By Michael J. Mersot

The Illinois statute requiring a healthcare professional’s report as a pleading requirement applies to all cases involving medical or healing art malpractice.  The courts have not, however, consistently applied the requirement to claims of medical battery.  The recent appellate case of Holzrichter v. Yorath clarified the inconsistency, at least with regard to certain types of medical battery cases.  In the case, the court affirmed a grant of summary judgment on a medical battery claim submitted without a healthcare professional’s report.

The plaintiff in the case sought surgical treatment of his toe from the defendant providers.  Apparently, the plaintiff suffered a rather severe toe stub which ultimately required the bone to be severed and screwed back together.  The surgeon explained that, in addition to cutting the bone, the procedure would entail severing the tendon.  The plaintiff initially told the surgeon that that he did not want his tendon cut.  Prior to the surgery, he signed a consent form for the procedure which stated that he had all his questions addressed.  The tendon was cut as a necessary part of the surgical procedure.  The plaintiff sued for medical battery, along with a host of other allegations. 

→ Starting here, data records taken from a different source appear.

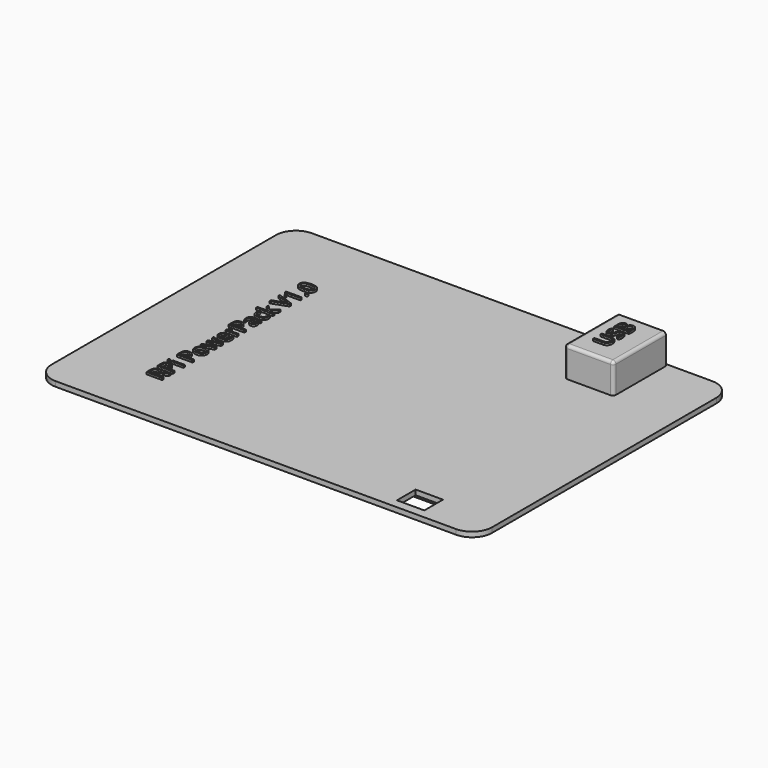
from build123d import *

# Parameters (mm, degrees)
F0_W          = 111.76
F0_H          = 81.28
F1_DEPTH      = 1.27
F2_R          = 5.08
F4_W          = 101.6
F4_H          = 58.42
F5_DEPTH      = 6.35
F6_R          = 5.08
F7_T1_DEPTH   = 1.27
F7_S5_W       = 5.1816
F7_S5_H       = 5.1816
F7_T6_DEPTH   = 5.1816
F7_S11_W      = 5.1816
F7_S11_H      = 5.1816
F7_T12_DEPTH  = 5.1816
F7_S17_W      = 5.1816
F7_S17_H      = 5.1816
F7_T18_DEPTH  = 5.1816
F7_S23_W      = 5.1816
F7_S23_H      = 5.1816
F7_T24_DEPTH  = 5.1816
F8_W          = 6.942614913
F8_H          = 5.9140771627
F9_DEPTH      = 5.08
F10_W         = 12.4787762761
F10_H         = 16.6547195404
F11_DEPTH     = 7.62
F12_TEXT_SIZE = 5.5671232877
F13_DEPTH     = 0.508
F14_R         = 0.762
F15_TEXT_SIZE = 5.2519182619
F16_DEPTH     = 0.508


# Not quite as in the source:
# - a fillet or chamfer that OpenCascade refuses, or shapes differently, is made with other operations: its cross-section is extruded or revolved along the edge and cut away or added
# - Text() gives the source's letters only with a copy of the font that has no kerning and outlines rounded to 1/6400 em; it was checked with that copy


with BuildPart() as f1:
    # F0 (on Top) → F1 (new body)
    with BuildSketch(Plane.XY):
        with Locations((55.88, -40.64)):
            Rectangle(F0_W, F0_H)
    extrude(amount=F1_DEPTH)

    # F2
    f2_edges = [f1.edges().sort_by_distance(p)[0] for p in [
        (111.76, -81.28, 0.635),
        (0, -81.28, 0.635),
        (111.76, 0, 0.635),
        (0, 0, 0.635),
    ]]
    fillet(f2_edges, radius=F2_R)

    # F4 (on face) → F5 (join)
    with BuildSketch(Plane(origin=(0, 0, 0), x_dir=(1, 0, 0), z_dir=(0, 0, -1))):
        with Locations((53.3387183125, 38.5634235731)):
            Rectangle(F4_W, F4_H)
    extrude(amount=F5_DEPTH)

    # F6
    f6_edges = [f1.edges().sort_by_distance(p)[0] for p in [
        (53.338718, -9.353424, -6.35),
        (2.538718, -38.563424, -6.35),
        (53.338718, -67.773424, -6.35),
        (104.138718, -38.563424, -6.35),
    ]]
    fillet(f6_edges, radius=F6_R)

    # F7: fillet of radius 5.08 on 8 edges, made by hand

    # F7_s2 → F7_t1 (cut)
    with BuildSketch(Plane.XY.offset(-1.27)):
        with BuildLine():
            ThreePointArc((2.5387183125, -62.6934235731), (4.0266158641, -66.2855260215), (7.6187183125, -67.7734235731))
            Line((7.6187183125, -67.7734235731), (2.5387183125, -67.7734235731))
            Line((2.5387183125, -67.7734235731), (2.5387183125, -62.6934235731))
        make_face()
        with BuildLine():
            ThreePointArc((2.5387183125, -14.4334235731), (4.0266158641, -10.8413211246), (7.6187183125, -9.3534235731))
            Line((7.6187183125, -9.3534235731), (2.5387183125, -9.3534235731))
            Line((2.5387183125, -9.3534235731), (2.5387183125, -14.4334235731))
        make_face()
        with BuildLine():
            ThreePointArc((99.0587183125, -67.7734235731), (102.6508207609, -66.2855260215), (104.1387183125, -62.6934235731))
            Line((104.1387183125, -62.6934235731), (104.1387183125, -67.7734235731))
            Line((104.1387183125, -67.7734235731), (99.0587183125, -67.7734235731))
        make_face()
        with BuildLine():
            ThreePointArc((99.0587183125, -9.3534235731), (102.6508207609, -10.8413211246), (104.1387183125, -14.4334235731))
            Line((104.1387183125, -14.4334235731), (104.1387183125, -9.3534235731))
            Line((104.1387183125, -9.3534235731), (99.0587183125, -9.3534235731))
        make_face()
    extrude(amount=F7_T1_DEPTH, mode=Mode.SUBTRACT)


with BuildPart() as f7_tool4:
    # F7_s5 → F7_t6 (new body)
    with BuildSketch(Plane.YZ.offset(7.6187183125)):
        with Locations((-65.2842235731, -3.8608)):
            Rectangle(F7_S5_W, F7_S5_H)
    extrude(amount=-F7_T6_DEPTH)

    # F7_s7 → F7_t8 (revolve, cut)
    with BuildSketch(Plane(origin=(7.6187183125, -62.6934235731, -1.27), x_dir=(0, 0.7071067812, 0.7071067812), z_dir=(0, -0.7071067812, 0.7071067812))):
        with BuildLine():
            ThreePointArc((0, -5.08), (5.08, 0), (0, 5.08))
            Line((0, 5.08), (0, -5.08))
        make_face()
    revolve(axis=Axis((7.6187183125, -62.6934235731, -1.27), (-1, 0, 0)), mode=Mode.SUBTRACT)


with BuildPart() as f1_1:
    add(f1.part)

    # F7_t3: cut F7_tool4
    add(f7_tool4.part, mode=Mode.SUBTRACT)


with BuildPart() as f7_tool10:
    # F7_s11 → F7_t12 (new body)
    with BuildSketch(Plane.XZ.offset(62.6934235731)):
        with Locations((101.6495183125, -3.8608)):
            Rectangle(F7_S11_W, F7_S11_H)
    extrude(amount=F7_T12_DEPTH)

    # F7_s13 → F7_t14 (revolve, cut)
    with BuildSketch(Plane(origin=(99.0587183125, -62.6934235731, -1.27), x_dir=(-0.7071067812, 0, 0.7071067812), z_dir=(0.7071067812, 0, 0.7071067812))):
        with BuildLine():
            ThreePointArc((0, -5.08), (5.08, 0), (0, 5.08))
            Line((0, 5.08), (0, -5.08))
        make_face()
    revolve(axis=Axis((99.0587183125, -62.6934235731, -1.27), (0, -1, 0)), mode=Mode.SUBTRACT)


with BuildPart() as f1_2:
    add(f1_1.part)

    # F7_t9: cut F7_tool10
    add(f7_tool10.part, mode=Mode.SUBTRACT)


with BuildPart() as f7_tool16:
    # F7_s17 → F7_t18 (new body)
    with BuildSketch(Plane.XZ.offset(14.4334235731)):
        with Locations((101.6495183125, -3.8608)):
            Rectangle(F7_S17_W, F7_S17_H)
    extrude(amount=-F7_T18_DEPTH)

    # F7_s19 → F7_t20 (revolve, cut)
    with BuildSketch(Plane(origin=(99.0587183125, -14.4334235731, -1.27), x_dir=(-0.7071067812, 0, 0.7071067812), z_dir=(-0.7071067812, 0, -0.7071067812))):
        with BuildLine():
            ThreePointArc((0, -5.08), (5.08, 0), (0, 5.08))
            Line((0, 5.08), (0, -5.08))
        make_face()
    revolve(axis=Axis((99.0587183125, -14.4334235731, -1.27), (0, 1, 0)), mode=Mode.SUBTRACT)


with BuildPart() as f1_3:
    add(f1_2.part)

    # F7_t15: cut F7_tool16
    add(f7_tool16.part, mode=Mode.SUBTRACT)


with BuildPart() as f7_tool22:
    # F7_s23 → F7_t24 (new body)
    with BuildSketch(Plane.YZ.offset(7.6187183125)):
        with Locations((-11.8426235731, -3.8608)):
            Rectangle(F7_S23_W, F7_S23_H)
    extrude(amount=-F7_T24_DEPTH)

    # F7_s25 → F7_t26 (revolve, cut)
    with BuildSketch(Plane(origin=(7.6187183125, -14.4334235731, -1.27), x_dir=(0, -0.7071067812, 0.7071067812), z_dir=(0, -0.7071067812, -0.7071067812))):
        with BuildLine():
            ThreePointArc((0, -5.08), (5.08, 0), (0, 5.08))
            Line((0, 5.08), (0, -5.08))
        make_face()
    revolve(axis=Axis((7.6187183125, -14.4334235731, -1.27), (-1, 0, 0)), mode=Mode.SUBTRACT)


with BuildPart() as f1_4:
    add(f1_3.part)

    # F7_t21: cut F7_tool22
    add(f7_tool22.part, mode=Mode.SUBTRACT)

    # F8 (on face) → F9 (cut)
    with BuildSketch(Plane.XY.offset(1.27)):
        with Locations((93.2929813862, -75.995914638)):
            Rectangle(F8_W, F8_H)
    extrude(amount=-F9_DEPTH, mode=Mode.SUBTRACT)

    # F10 (on face) → F11 (join)
    with BuildSketch(Plane.XY.offset(1.27)):
        with Locations((89.211601764, -8.9912438125)):
            Rectangle(F10_W, F10_H)
    extrude(amount=F11_DEPTH)

    # F12 (on face) → F13 (join)
    with BuildSketch(Plane.XY.offset(1.27)):
        with Locations(Location((21.275615975, -68.3026412528), (0, 0, 90))):
            Text('RPi PowerPack V1.0', F12_TEXT_SIZE, font='Open Sans', text_align=(TextAlign.LEFT, TextAlign.BOTTOM))
    extrude(amount=F13_DEPTH)

    # F14
    f14_edges = [f1_4.edges().sort_by_distance(p)[0] for p in [
        (82.972214, -8.991244, 8.89),
        (95.45099, -8.991244, 8.89),
        (89.211602, -17.318604, 8.89),
        (95.45099, -17.318604, 5.08),
        (82.972214, -17.318604, 5.08),
    ]]
    fillet(f14_edges, radius=F14_R)

    # F15 (on face) → F16 (join)
    with BuildSketch(Plane.XY.offset(8.89)):
        with Locations(Location((90.3374065111, -13.2255177992), (0, 0, 90))):
            Text('USB', F15_TEXT_SIZE, font='Open Sans', text_align=(TextAlign.LEFT, TextAlign.BOTTOM))
    extrude(amount=F16_DEPTH)


solid = f1_4.part
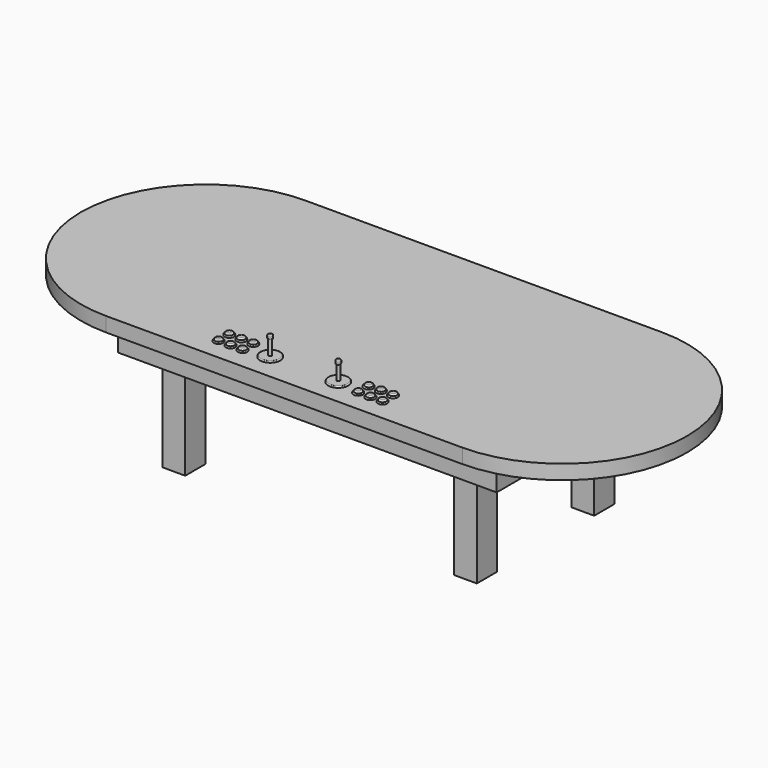
from build123d import *

# Parameters (mm, degrees)
F0_W      = 93.5235582292
F0_H      = 65.5109807849
F1_DEPTH  = 3.81
F2_W      = 99.2795974016
F2_H      = 53.1533658504
F3_DEPTH  = 8.89
F4_W      = 5.9323385358
F4_H      = 6.6234655678
F5_DEPTH  = 25.4
F6_R      = 1.2294027509
F6_R_2    = 2.6396421085
F7_DEPTH  = 0.381
F8_R      = 0.9793123783
F9_DEPTH  = 0.381
F10_R     = 0.254
F11_R     = 0.38099
F12_R     = 0.4115244645
F13_DEPTH = 3.81
F14_R     = 0.6161358957
F15_DEPTH = 1.016


# Not quite as in the source:
# - a fillet or chamfer that OpenCascade refuses, or shapes differently, is made with other operations: its cross-section is extruded or revolved along the edge and cut away or added
# - a fillet or chamfer is up to 0.001 mm smaller than in the source, because OpenCascade refuses the exact size


with BuildPart() as f1:
    # F0 (on Top) → F1 (new body)
    with BuildSketch(Plane.XY):
        with Locations((0.2010185272, -1.7233528197)):
            Rectangle(F0_W, F0_H)
        with BuildLine():
            Line((-46.5607605875, -34.4788432121), (-46.5607605875, 31.0321375728))
            ThreePointArc((-46.5607605875, 31.0321375728), (-79.3162509799, -1.7233528197), (-46.5607605875, -34.4788432121))
        make_face()
        with BuildLine():
            ThreePointArc((46.9627976418, -34.4788432121), (79.7182880342, -1.7233528197), (46.9627976418, 31.0321375728))
            Line((46.9627976418, 31.0321375728), (46.9627976418, -34.4788432121))
        make_face()
    extrude(amount=F1_DEPTH)

    # F2 (on face) → F3 (join)
    with BuildSketch(Plane(origin=(0, 0, 0), x_dir=(1, 0, 0), z_dir=(0, 0, -1))):
        Rectangle(F2_W, F2_H)
    extrude(amount=F3_DEPTH)

    # F4 (on face) → F5 (join)
    with BuildSketch(Plane(origin=(0, 0, -8.89), x_dir=(1, 0, 0), z_dir=(0, 0, -1))):
        with Locations((-38.2571481168, 19.2429218441)):
            Rectangle(F4_W, F4_H)
        with Locations((38.2571481168, 19.2429218441)):
            Rectangle(F4_W, F4_H)
        with Locations((38.2571481168, -19.2429218441)):
            Rectangle(F4_W, F4_H)
        with Locations((-38.2571481168, -19.2429218441)):
            Rectangle(F4_W, F4_H)
    extrude(amount=F5_DEPTH)

    # F6 (on face) → F7 (join)
    with BuildSketch(Plane.XY.offset(3.81)):
        with Locations((-15.1624232531, -28.8937985897)):
            Circle(F6_R)
        with Locations((-15.1305962354, -25.4226885736)):
            Circle(F6_R)
        with Locations((-18.3360408992, -28.8639198989)):
            Circle(F6_R)
        with Locations((-18.3042138815, -25.3928098828)):
            Circle(F6_R)
        with Locations((-21.5096585453, -28.834041208)):
            Circle(F6_R)
        with Locations((-21.4778315276, -25.3629311919)):
            Circle(F6_R)
        with Locations((21.5096585453, -28.834041208)):
            Circle(F6_R)
        with Locations((18.3360408992, -28.8639198989)):
            Circle(F6_R)
        with Locations((21.4778315276, -25.3629311919)):
            Circle(F6_R)
        with Locations((18.3042138815, -25.3928098828)):
            Circle(F6_R)
        with Locations((15.1305962354, -25.4226885736)):
            Circle(F6_R)
        with Locations((15.1624232531, -28.8937985897)):
            Circle(F6_R)
        with Locations((8.924825117, -27.6222340763)):
            Circle(F6_R_2)
        with Locations((-8.924825117, -27.6222340763)):
            Circle(F6_R_2)
    extrude(amount=F7_DEPTH)

    # F8 (on face) → F9 (join)
    with BuildSketch(Plane.XY.offset(4.191)):
        with Locations((21.5035416186, -28.7971198559)):
            Circle(F8_R)
        with Locations((21.4913431555, -25.3196582198)):
            Circle(F8_R)
        with Locations((18.3376446366, -28.8268737495)):
            Circle(F8_R)
        with Locations((18.3254461735, -25.3494121134)):
            Circle(F8_R)
        with Locations((15.1717476547, -28.8566276431)):
            Circle(F8_R)
        with Locations((15.1595491916, -25.379166007)):
            Circle(F8_R)
        with Locations((-15.1717476547, -28.8566276431)):
            Circle(F8_R)
        with Locations((-15.1595491916, -25.379166007)):
            Circle(F8_R)
        with Locations((-18.3254461735, -25.3494121134)):
            Circle(F8_R)
        with Locations((-18.3376446366, -28.8268737495)):
            Circle(F8_R)
        with Locations((-21.5035416186, -28.7971198559)):
            Circle(F8_R)
        with Locations((-21.4913431555, -25.3196582198)):
            Circle(F8_R)
    extrude(amount=F9_DEPTH)

    # F10
    f10_edges = [f1.edges().sort_by_distance(p)[0] for p in [
        (-22.739061, -28.834041, 4.191),
        (-19.565444, -28.86392, 4.191),
        (-16.391826, -28.893799, 4.191),
        (-16.359999, -25.422689, 4.191),
        (-22.707234, -25.362931, 4.191),
        (-19.533617, -25.39281, 4.191),
        (20.280256, -28.834041, 4.191),
        (20.248429, -25.362931, 4.191),
        (13.933021, -28.893799, 4.191),
        (17.074811, -25.39281, 4.191),
        (13.901193, -25.422689, 4.191),
        (-11.564467, -27.622234, 4.191),
        (6.285183, -27.622234, 4.191),
        (17.106638, -28.86392, 4.191),
    ]]
    fillet(f10_edges, radius=F10_R)

    # F11 (radius 0.381 in the source; OpenCascade refuses exactly that, so slightly less here)
    f11_edges = [f1.edges().sort_by_distance(p)[0] for p in [
        (-22.482854, -28.79712, 4.572),
        (-22.470656, -25.319658, 4.572),
        (-19.304759, -25.349412, 4.572),
        (-19.316957, -28.826874, 4.572),
        (-16.138862, -25.379166, 4.572),
        (-16.15106, -28.856628, 4.572),
        (14.180237, -25.379166, 4.572),
        (14.192435, -28.856628, 4.572),
        (17.346134, -25.349412, 4.572),
        (17.358332, -28.826874, 4.572),
        (20.524229, -28.79712, 4.572),
        (20.512031, -25.319658, 4.572),
    ]]
    fillet(f11_edges, radius=F11_R)

    # F12 (on face) → F13 (join)
    with BuildSketch(Plane.XY.offset(4.191)):
        with Locations((-8.924825117, -27.6222340763)):
            Circle(F12_R)
        with Locations((8.924825117, -27.6222340763)):
            Circle(F12_R)
    extrude(amount=F13_DEPTH)

    # F14 (on face) → F15 (join)
    with BuildSketch(Plane.XY.offset(8.001)):
        with Locations((-8.924825117, -27.6222340763)):
            Circle(F14_R)
        with Locations((8.924825117, -27.6222340763)):
            Circle(F14_R)
    extrude(amount=F15_DEPTH)

    # F16: fillet of radius 0.254 on 4 edges, made by hand

    # F16_s1 → F16_t2 (revolve, cut)
    with BuildSketch(Plane.XZ.offset(27.6222340763)):
        with BuildLine():
            ThreePointArc((-8.3086892213, 8.2501521007), (-8.3663977334, 8.0889514438), (-8.5133006525, 8.001))
            Line((-8.5133006525, 8.001), (-8.5123128812, 7.996016958))
            ThreePointArc((-8.5123128812, 7.996016958), (-8.4109949369, 7.99592), (-8.3086892213, 7.99592))
            Line((-8.3086892213, 7.99592), (-8.3036092213, 8.001))
            Line((-8.3036092213, 8.001), (-8.3036092213, 8.2501521007))
            Line((-8.3036092213, 8.2501521007), (-8.3086892213, 8.2501521007))
        make_face()
    revolve(axis=Axis((-8.924825117, -27.6222340763, 8.001), (0, 0, 1)), mode=Mode.SUBTRACT)

    # F16_s3 → F16_t4 (revolve, cut)
    with BuildSketch(Plane.XZ.offset(27.6222340763)):
        with BuildLine():
            ThreePointArc((-8.3086892213, 8.763), (-8.3830840989, 8.9426051224), (-8.5626892213, 9.017))
            Line((-8.5626892213, 9.017), (-8.5626892213, 9.02208))
            Line((-8.5626892213, 9.02208), (-8.3036092213, 9.02208))
            Line((-8.3036092213, 9.02208), (-8.3036092213, 8.763))
            Line((-8.3036092213, 8.763), (-8.3086892213, 8.763))
        make_face()
    revolve(axis=Axis((-8.924825117, -27.6222340763, 9.017), (0, 0, 1)), mode=Mode.SUBTRACT)

    # F16_s5 → F16_t6 (revolve, cut)
    with BuildSketch(Plane.XZ.offset(27.6222340763)):
        with BuildLine():
            ThreePointArc((9.5409610127, 8.763), (9.4665661351, 8.9426051224), (9.2869610127, 9.017))
            Line((9.2869610127, 9.017), (9.2869610127, 9.02208))
            Line((9.2869610127, 9.02208), (9.5460410127, 9.02208))
            Line((9.5460410127, 9.02208), (9.5460410127, 8.763))
            Line((9.5460410127, 8.763), (9.5409610127, 8.763))
        make_face()
    revolve(axis=Axis((8.924825117, -27.6222340763, 9.017), (0, 0, 1)), mode=Mode.SUBTRACT)

    # F16_s7 → F16_t8 (revolve, cut)
    with BuildSketch(Plane.XZ.offset(27.6222340763)):
        with BuildLine():
            ThreePointArc((9.3363495815, 8.001), (9.4832525006, 8.0889514438), (9.5409610127, 8.2501521007))
            Line((9.5409610127, 8.2501521007), (9.5460410127, 8.2501521007))
            Line((9.5460410127, 8.2501521007), (9.5460410127, 8.001))
            Line((9.5460410127, 8.001), (9.5409610127, 7.99592))
            ThreePointArc((9.5409610127, 7.99592), (9.4386552971, 7.99592), (9.3373373528, 7.996016958))
            Line((9.3373373528, 7.996016958), (9.3363495815, 8.001))
        make_face()
    revolve(axis=Axis((8.924825117, -27.6222340763, 8.001), (0, 0, 1)), mode=Mode.SUBTRACT)


solid = f1.part

The defense moved for summary judgment for failure to submit a healthcare professional’s report in accordance with Illinois statute.  The trial and appellate courts agreed, finding that medical battery cases require a report under certain circumstances.

A medical battery plaintiff must prove:  (1) no consent to the medical procedure performed; (2) the procedure was contrary to the injured party’s will; or (3) substantial variance of the procedure from the consent granted.  As the essence of medical battery is a lack of consent, some courts have held that a report is not required for such claims because, unlike in medical negligence cases, laymen are qualified to assess whether a battery has taken place. 

In this case, however, the critical question was whether consent to the procedure necessarily indicated consent to cut the tendon.  This determination requires an understanding of the medical procedure and applicable standards.  The plaintiff claimed that cutting the tendon was not necessary, but rather a “whimsical” experiment.  The appellate court determined that a layman would not be able to assess the requirements of the procedure, and thus a healthcare professional’s report was required.

Holzrichter clarifies that whether a medical battery case requires expert support revolves around the medical basis for the claim.  This is to be assessed on a case-by-case basis.  If assessment of the claim requires specialized knowledge, then a report and subsequent expert testimony are required.  Where the case is a plain lack of consent, the plaintiff may proceed without such evidence.